NIM supports the standard OpenAI API endpoints provided by vLLM:

Endpoint	Description
`POST /v1/chat/completions`	Multi-turn chat completions with message history. Supports streaming and tool calling. Reference
`POST /v1/completions`	Single-turn text completions. Reference
`GET /v1/models`	List models currently loaded and available for inference.
`POST /v1/embeddings`	Generate vector embeddings. Only available when serving an embedding model. Reference
`POST /tokenize`	Tokenize input text into token IDs. Reference
`POST /detokenize`	Convert token IDs back to text.
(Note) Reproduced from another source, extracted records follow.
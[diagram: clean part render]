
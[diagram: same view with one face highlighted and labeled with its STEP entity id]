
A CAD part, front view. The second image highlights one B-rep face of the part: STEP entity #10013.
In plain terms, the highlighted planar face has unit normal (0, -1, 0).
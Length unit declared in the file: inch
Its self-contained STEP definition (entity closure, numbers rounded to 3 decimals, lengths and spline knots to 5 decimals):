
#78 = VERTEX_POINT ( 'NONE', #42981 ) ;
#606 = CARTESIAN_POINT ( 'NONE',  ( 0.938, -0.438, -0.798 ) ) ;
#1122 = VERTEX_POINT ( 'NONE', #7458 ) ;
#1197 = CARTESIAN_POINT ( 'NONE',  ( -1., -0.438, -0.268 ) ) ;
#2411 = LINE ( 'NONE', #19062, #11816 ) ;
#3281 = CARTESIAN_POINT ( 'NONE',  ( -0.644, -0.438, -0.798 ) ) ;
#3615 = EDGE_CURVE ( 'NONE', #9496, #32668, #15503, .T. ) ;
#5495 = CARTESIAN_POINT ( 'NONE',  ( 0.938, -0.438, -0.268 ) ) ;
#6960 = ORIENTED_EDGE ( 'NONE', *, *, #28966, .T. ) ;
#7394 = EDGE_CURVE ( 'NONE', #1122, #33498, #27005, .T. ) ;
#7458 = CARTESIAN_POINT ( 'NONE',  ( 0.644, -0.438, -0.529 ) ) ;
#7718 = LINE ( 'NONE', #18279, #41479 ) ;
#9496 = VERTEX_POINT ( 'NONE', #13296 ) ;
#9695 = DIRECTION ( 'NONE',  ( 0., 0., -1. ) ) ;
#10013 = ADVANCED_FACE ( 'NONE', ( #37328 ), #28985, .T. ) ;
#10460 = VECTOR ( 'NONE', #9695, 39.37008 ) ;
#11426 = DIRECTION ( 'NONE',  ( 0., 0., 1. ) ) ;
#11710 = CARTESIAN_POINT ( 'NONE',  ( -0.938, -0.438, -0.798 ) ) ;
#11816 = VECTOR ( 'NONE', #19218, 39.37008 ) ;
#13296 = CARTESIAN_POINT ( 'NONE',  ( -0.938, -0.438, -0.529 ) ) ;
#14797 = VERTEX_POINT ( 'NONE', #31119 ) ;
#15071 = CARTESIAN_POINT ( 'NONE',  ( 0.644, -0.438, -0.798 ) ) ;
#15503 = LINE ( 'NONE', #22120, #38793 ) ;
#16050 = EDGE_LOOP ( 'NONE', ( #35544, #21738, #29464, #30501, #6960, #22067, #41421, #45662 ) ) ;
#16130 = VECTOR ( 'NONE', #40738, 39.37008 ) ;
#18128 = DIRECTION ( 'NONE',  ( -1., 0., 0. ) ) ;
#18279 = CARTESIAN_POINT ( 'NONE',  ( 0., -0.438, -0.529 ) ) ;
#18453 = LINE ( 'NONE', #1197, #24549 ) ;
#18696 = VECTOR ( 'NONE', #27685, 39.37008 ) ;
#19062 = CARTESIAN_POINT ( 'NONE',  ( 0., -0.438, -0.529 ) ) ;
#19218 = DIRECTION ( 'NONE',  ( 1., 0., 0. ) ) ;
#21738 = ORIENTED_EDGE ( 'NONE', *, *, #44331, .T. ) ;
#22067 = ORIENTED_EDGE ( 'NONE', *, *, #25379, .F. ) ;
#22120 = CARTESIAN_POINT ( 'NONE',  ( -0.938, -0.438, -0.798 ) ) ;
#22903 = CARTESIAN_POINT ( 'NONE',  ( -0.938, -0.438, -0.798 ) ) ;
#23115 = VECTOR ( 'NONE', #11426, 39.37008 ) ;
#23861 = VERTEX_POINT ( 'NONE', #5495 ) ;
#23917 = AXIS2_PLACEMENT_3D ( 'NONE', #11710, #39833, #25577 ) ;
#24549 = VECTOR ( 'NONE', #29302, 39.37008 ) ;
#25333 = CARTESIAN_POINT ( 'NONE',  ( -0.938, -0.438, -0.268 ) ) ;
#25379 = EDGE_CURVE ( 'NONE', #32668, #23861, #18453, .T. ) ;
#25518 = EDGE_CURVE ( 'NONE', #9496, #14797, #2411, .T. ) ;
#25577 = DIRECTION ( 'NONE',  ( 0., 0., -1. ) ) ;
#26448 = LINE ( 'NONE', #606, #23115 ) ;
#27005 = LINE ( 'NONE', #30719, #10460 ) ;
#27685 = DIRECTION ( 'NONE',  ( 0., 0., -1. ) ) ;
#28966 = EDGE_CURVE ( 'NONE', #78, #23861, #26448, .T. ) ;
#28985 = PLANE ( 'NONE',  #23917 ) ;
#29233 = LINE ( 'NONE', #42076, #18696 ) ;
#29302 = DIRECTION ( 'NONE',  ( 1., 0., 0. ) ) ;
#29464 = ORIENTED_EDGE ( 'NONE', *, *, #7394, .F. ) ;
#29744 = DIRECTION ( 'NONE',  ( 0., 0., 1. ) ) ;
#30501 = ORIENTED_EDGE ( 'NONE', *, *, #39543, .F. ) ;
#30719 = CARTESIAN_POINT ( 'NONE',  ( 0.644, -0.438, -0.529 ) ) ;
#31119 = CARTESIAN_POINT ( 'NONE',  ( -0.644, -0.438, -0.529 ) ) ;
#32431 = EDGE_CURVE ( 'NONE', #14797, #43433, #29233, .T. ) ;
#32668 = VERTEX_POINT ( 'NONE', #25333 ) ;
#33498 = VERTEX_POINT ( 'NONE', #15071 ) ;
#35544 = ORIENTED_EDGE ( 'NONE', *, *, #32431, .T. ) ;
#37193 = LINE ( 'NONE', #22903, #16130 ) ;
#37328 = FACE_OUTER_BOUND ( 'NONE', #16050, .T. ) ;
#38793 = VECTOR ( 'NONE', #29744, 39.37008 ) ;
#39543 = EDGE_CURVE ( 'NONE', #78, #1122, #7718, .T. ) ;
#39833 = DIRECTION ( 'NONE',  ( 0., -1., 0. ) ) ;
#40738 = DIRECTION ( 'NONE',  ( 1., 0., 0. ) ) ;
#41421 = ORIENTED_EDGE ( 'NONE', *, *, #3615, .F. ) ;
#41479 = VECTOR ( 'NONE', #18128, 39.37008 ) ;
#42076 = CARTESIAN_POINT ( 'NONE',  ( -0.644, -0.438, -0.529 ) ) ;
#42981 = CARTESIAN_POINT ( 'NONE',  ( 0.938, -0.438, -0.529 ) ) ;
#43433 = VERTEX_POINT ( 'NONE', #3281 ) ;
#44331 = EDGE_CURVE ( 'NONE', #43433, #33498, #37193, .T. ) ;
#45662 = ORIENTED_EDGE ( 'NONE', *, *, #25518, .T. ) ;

Reference

For full request/response schemas and parameters, refer to the vLLM OpenAI-Compatible Server documentation.

Examples#

Send a chat completion request:

curl -s http://localhost:8000/v1/chat/completions \
  -H "Content-Type: application/json" \
  -d '{
    "model": "meta/llama-3.1-8b-instruct",
    "messages": [{"role": "user", "content": "What is GPU computing?"}],
    "max_tokens": 256
  }'

Stream a chat completion:

curl -s http://localhost:8000/v1/chat/completions \
  -H "Content-Type: application/json" \
  -d '{
    "model": "meta/llama-3.1-8b-instruct",
    "messages": [{"role": "user", "content": "Explain transformers briefly."}],
    "stream": true
  }'

List available models:

curl -s http://localhost:8000/v1/models

NIM Management Endpoints#

In addition to the OpenAI-compatible inference API provided by the vLLM backend, NIM exposes the following management endpoints.

Health#

GET /v1/health/live#

Returns 200 OK when the container is running.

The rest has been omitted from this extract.